Task objective
Under this line are the records; write out word for word the part that begins at the line containing "## KiCad design" and ends at the line containing "C12: 50pF; C_Disc_D4.3mm_W1.9mm_P5.00mm", and no more.

*** Exercise input ***

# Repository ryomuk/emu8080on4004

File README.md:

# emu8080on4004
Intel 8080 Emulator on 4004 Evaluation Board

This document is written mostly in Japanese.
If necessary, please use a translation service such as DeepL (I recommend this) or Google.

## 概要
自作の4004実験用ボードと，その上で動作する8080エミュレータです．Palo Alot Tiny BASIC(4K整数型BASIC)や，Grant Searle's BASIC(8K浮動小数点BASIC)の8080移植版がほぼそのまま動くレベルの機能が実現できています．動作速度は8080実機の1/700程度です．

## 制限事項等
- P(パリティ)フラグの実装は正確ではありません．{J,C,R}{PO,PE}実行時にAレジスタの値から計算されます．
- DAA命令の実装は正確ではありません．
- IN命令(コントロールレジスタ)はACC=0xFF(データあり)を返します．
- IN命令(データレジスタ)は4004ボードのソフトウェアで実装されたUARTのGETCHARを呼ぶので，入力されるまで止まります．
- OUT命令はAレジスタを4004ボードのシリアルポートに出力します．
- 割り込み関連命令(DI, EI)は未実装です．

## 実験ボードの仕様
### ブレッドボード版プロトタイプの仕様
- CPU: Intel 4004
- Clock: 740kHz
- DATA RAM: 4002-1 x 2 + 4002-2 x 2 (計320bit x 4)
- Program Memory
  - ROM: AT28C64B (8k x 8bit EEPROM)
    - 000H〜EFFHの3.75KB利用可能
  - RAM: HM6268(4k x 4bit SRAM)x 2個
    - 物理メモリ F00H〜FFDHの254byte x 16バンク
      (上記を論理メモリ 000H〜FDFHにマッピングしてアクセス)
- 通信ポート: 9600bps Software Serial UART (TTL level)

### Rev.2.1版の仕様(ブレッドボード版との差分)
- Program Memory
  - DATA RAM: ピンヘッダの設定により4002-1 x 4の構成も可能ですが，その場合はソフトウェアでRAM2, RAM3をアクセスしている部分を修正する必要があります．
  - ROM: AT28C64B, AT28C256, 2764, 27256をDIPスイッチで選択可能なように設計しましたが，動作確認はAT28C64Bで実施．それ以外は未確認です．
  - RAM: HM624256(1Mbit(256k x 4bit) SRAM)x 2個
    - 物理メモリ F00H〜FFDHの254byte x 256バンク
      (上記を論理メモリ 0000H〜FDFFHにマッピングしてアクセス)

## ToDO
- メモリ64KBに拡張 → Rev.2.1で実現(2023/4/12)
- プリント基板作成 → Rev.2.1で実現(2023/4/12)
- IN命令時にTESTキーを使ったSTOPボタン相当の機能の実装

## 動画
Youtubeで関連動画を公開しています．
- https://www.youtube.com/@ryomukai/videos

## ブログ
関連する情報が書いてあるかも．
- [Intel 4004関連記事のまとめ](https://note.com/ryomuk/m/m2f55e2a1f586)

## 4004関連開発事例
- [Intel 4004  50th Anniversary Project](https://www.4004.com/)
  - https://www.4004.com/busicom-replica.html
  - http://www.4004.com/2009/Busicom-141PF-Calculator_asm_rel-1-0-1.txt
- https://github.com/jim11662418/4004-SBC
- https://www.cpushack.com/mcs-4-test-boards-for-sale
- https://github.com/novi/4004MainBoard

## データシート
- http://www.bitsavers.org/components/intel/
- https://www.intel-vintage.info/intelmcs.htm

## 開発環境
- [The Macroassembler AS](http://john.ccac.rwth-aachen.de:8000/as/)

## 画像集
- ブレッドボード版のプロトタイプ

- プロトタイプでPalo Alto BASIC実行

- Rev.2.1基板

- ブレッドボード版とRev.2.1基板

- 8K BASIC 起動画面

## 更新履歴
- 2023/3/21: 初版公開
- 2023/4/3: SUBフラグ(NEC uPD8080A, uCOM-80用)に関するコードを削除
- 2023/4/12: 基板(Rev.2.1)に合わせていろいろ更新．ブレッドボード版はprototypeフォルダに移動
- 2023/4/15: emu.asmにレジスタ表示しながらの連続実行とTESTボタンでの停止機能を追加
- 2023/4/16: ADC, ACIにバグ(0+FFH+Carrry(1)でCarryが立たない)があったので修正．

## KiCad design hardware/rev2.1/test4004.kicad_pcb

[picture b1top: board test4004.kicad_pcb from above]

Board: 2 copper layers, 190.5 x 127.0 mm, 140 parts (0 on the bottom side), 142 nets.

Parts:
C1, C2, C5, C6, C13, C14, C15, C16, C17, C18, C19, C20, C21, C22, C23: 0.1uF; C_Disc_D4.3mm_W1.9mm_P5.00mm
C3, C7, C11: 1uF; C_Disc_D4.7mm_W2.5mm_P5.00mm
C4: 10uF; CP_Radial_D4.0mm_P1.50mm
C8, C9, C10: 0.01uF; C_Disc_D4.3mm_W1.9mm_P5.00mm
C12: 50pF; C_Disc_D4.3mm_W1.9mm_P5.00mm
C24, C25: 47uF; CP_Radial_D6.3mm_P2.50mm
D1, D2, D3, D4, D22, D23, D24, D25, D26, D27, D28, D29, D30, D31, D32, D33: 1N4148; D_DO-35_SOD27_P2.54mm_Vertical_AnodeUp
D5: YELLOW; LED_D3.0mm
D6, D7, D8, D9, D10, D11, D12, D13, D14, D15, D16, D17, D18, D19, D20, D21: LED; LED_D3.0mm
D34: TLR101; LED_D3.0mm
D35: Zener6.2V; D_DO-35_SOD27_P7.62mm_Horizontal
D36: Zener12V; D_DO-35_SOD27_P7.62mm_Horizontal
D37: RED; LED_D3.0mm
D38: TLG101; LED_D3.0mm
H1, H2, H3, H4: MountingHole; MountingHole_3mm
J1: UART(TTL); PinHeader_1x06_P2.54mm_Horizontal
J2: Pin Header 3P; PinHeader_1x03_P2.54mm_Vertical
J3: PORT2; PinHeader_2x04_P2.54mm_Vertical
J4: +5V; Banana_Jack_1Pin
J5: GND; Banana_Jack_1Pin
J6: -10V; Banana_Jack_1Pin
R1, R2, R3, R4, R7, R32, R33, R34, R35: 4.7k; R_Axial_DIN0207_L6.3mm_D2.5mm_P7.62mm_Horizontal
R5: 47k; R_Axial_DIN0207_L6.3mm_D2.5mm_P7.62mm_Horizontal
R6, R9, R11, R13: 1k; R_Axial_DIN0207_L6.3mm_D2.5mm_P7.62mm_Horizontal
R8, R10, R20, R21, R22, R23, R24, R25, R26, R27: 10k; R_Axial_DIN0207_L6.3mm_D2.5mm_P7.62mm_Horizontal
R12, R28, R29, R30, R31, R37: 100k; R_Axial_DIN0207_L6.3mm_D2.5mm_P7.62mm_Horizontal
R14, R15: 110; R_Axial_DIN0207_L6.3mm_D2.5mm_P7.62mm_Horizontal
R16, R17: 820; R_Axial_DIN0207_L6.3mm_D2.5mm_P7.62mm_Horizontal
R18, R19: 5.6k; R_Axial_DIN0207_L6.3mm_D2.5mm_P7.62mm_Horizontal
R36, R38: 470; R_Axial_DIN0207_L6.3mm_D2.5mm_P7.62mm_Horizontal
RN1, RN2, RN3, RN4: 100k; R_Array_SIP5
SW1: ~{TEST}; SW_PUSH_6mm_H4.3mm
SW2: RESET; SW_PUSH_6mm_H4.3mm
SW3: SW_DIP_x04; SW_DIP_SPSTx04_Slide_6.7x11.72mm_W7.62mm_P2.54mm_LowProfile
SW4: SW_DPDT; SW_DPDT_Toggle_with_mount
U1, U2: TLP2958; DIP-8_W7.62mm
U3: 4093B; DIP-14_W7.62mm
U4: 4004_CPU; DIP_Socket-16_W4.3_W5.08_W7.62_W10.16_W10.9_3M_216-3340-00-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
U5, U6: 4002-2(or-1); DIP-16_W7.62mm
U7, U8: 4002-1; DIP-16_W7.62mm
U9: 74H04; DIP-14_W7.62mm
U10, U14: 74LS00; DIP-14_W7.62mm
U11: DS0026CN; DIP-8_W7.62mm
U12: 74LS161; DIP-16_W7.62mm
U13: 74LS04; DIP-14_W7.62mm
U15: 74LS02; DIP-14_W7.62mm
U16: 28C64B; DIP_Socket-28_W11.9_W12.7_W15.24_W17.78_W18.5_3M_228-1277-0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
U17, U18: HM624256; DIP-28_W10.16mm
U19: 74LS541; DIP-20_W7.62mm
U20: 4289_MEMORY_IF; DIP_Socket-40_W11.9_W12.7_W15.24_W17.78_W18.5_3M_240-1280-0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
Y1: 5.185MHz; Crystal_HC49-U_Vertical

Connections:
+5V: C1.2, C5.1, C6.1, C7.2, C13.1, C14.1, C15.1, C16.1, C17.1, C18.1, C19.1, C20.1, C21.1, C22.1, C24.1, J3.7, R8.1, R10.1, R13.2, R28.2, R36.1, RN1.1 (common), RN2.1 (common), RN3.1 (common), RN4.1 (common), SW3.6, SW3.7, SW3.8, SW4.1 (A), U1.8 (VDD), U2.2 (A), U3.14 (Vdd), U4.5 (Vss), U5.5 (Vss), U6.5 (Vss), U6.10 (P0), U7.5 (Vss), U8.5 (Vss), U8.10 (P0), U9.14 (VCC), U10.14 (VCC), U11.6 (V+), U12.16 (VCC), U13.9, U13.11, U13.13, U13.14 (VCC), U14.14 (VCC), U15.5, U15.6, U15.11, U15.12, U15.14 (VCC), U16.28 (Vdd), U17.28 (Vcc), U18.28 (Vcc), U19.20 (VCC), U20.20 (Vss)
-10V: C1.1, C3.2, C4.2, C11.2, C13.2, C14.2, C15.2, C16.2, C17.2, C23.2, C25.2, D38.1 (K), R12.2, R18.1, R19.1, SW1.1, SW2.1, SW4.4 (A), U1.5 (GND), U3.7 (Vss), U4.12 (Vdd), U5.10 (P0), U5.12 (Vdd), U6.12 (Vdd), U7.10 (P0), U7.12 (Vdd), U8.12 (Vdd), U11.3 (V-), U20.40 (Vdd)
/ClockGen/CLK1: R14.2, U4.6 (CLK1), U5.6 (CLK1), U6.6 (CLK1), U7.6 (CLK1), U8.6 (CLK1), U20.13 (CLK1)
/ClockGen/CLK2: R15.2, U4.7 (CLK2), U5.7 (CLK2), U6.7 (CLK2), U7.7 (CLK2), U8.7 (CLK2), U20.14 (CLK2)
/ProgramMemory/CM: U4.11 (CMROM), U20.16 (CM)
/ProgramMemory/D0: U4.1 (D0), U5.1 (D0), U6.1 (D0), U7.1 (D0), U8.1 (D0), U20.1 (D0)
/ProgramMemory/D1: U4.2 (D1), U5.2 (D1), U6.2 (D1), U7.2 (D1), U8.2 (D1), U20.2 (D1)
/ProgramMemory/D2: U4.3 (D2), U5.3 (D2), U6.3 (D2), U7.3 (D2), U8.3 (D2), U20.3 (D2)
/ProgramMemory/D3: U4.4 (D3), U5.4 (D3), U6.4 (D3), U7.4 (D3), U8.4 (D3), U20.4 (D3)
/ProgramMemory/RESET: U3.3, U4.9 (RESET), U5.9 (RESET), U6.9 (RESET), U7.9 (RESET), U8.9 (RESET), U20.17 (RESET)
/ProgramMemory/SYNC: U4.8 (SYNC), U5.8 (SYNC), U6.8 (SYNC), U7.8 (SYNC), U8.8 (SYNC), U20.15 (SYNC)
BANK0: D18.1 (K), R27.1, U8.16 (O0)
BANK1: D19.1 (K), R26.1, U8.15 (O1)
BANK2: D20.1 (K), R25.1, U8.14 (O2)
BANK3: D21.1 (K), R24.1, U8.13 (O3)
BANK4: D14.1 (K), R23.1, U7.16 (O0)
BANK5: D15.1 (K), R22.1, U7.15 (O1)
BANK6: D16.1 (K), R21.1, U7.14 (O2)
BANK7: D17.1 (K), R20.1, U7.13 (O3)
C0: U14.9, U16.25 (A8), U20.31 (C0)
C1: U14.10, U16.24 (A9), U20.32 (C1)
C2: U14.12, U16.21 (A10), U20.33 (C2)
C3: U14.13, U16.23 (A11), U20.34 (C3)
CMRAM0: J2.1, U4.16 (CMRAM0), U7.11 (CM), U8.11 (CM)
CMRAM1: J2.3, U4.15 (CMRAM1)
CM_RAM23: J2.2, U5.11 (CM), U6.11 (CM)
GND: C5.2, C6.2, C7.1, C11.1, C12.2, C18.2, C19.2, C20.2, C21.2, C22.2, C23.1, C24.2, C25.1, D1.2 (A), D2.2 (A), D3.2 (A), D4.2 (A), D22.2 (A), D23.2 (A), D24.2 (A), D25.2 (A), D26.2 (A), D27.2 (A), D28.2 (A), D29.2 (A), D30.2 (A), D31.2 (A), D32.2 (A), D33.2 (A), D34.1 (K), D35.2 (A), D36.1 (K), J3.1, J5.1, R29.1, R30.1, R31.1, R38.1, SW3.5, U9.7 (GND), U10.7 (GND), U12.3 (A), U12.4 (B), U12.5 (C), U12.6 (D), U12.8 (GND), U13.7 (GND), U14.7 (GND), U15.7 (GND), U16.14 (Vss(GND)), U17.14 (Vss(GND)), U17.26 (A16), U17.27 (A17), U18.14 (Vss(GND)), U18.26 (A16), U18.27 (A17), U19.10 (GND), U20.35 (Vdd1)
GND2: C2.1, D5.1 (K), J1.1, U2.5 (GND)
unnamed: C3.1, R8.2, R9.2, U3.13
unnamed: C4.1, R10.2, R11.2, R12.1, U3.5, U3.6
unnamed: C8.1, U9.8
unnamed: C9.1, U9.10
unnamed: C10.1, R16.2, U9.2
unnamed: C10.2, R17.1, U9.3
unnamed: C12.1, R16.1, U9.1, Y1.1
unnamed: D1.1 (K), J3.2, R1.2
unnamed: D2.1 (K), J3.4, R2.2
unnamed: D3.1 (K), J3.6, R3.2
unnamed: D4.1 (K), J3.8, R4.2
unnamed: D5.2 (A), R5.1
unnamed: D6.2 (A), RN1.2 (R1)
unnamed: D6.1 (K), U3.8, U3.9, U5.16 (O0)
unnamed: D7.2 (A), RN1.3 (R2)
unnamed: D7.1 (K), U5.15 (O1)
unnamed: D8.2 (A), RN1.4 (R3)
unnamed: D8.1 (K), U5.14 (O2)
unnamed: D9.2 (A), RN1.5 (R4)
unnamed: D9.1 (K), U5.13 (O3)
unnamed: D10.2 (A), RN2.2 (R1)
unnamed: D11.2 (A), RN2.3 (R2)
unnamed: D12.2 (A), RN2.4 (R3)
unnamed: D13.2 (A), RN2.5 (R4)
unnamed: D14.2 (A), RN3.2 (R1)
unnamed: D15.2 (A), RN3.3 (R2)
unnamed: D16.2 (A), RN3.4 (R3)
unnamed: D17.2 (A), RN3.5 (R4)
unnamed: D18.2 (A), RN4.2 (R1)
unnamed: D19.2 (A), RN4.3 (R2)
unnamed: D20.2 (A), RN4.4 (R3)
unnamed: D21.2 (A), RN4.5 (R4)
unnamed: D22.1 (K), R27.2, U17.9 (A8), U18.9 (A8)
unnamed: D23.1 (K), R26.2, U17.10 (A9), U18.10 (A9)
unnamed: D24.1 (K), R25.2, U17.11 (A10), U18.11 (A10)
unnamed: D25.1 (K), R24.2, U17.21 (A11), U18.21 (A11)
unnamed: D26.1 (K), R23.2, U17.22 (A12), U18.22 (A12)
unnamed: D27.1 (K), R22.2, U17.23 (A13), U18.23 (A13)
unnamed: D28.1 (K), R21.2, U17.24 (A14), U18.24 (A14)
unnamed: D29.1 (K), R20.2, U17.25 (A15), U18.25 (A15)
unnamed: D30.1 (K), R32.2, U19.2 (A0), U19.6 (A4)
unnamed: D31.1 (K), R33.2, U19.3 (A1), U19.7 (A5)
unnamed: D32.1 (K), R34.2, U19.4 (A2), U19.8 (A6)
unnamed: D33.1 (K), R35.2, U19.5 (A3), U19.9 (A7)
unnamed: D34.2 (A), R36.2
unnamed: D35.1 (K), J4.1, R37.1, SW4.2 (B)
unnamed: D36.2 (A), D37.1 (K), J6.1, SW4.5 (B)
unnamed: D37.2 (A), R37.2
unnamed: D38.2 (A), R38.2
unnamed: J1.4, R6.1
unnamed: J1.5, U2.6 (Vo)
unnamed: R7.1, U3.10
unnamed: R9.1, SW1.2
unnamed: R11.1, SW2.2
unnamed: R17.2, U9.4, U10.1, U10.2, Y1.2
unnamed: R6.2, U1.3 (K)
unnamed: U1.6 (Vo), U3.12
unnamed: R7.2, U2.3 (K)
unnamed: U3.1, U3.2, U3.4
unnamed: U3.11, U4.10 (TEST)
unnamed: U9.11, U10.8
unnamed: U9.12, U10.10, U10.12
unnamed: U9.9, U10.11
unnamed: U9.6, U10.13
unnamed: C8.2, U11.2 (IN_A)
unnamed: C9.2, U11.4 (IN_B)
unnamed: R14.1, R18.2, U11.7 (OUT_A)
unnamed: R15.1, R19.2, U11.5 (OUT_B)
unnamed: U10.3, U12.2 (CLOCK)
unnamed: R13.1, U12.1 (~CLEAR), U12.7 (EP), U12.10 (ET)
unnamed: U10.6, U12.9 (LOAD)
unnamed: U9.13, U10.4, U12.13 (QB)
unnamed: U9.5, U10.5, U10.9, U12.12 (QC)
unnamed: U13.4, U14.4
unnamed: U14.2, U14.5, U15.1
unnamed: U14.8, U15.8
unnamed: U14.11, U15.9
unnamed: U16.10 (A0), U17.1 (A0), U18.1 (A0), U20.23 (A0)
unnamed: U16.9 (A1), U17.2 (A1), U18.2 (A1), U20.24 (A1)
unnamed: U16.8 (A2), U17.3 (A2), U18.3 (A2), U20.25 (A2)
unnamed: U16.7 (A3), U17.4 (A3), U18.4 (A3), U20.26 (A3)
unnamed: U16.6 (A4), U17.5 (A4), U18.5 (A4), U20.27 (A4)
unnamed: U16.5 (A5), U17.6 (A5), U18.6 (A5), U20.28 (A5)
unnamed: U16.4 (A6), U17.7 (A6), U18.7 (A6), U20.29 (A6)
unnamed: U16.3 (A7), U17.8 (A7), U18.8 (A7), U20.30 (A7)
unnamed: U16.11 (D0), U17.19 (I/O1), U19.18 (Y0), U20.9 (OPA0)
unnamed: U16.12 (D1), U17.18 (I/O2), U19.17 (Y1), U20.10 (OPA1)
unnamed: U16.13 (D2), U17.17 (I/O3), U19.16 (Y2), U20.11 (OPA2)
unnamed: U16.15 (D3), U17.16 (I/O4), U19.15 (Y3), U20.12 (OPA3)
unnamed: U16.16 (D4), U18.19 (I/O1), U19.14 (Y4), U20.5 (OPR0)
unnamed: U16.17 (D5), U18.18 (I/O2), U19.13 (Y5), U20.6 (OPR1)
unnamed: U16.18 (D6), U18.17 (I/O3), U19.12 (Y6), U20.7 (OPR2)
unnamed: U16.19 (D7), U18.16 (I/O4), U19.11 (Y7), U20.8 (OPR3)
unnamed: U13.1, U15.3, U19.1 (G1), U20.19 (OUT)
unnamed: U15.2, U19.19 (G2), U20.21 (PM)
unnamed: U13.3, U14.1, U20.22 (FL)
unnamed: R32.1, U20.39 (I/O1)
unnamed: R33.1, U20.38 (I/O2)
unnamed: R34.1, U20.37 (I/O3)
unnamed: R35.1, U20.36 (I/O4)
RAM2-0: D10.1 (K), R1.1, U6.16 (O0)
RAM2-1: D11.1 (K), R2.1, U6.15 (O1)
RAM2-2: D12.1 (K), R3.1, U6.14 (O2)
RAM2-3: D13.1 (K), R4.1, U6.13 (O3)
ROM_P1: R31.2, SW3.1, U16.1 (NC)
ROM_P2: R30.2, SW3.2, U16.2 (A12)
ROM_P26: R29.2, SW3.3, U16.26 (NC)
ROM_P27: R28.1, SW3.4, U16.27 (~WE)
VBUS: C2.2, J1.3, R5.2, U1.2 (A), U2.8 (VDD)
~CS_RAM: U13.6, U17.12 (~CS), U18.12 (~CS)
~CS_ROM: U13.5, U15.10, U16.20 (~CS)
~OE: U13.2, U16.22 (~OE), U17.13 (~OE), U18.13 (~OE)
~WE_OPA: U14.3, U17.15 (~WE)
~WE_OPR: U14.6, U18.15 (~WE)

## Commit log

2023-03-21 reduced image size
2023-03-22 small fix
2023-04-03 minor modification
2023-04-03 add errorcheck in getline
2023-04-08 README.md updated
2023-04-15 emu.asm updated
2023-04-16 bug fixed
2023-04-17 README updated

*** End of Exercise input ***

Output of the exercise
## KiCad design hardware/rev2.1/test4004.kicad_pcb

[picture b1top: board test4004.kicad_pcb from above]

Board: 2 copper layers, 190.5 x 127.0 mm, 140 parts (0 on the bottom side), 142 nets.

Parts:
C1, C2, C5, C6, C13, C14, C15, C16, C17, C18, C19, C20, C21, C22, C23: 0.1uF; C_Disc_D4.3mm_W1.9mm_P5.00mm
C3, C7, C11: 1uF; C_Disc_D4.7mm_W2.5mm_P5.00mm
C4: 10uF; CP_Radial_D4.0mm_P1.50mm
C8, C9, C10: 0.01uF; C_Disc_D4.3mm_W1.9mm_P5.00mm
C12: 50pF; C_Disc_D4.3mm_W1.9mm_P5.00mm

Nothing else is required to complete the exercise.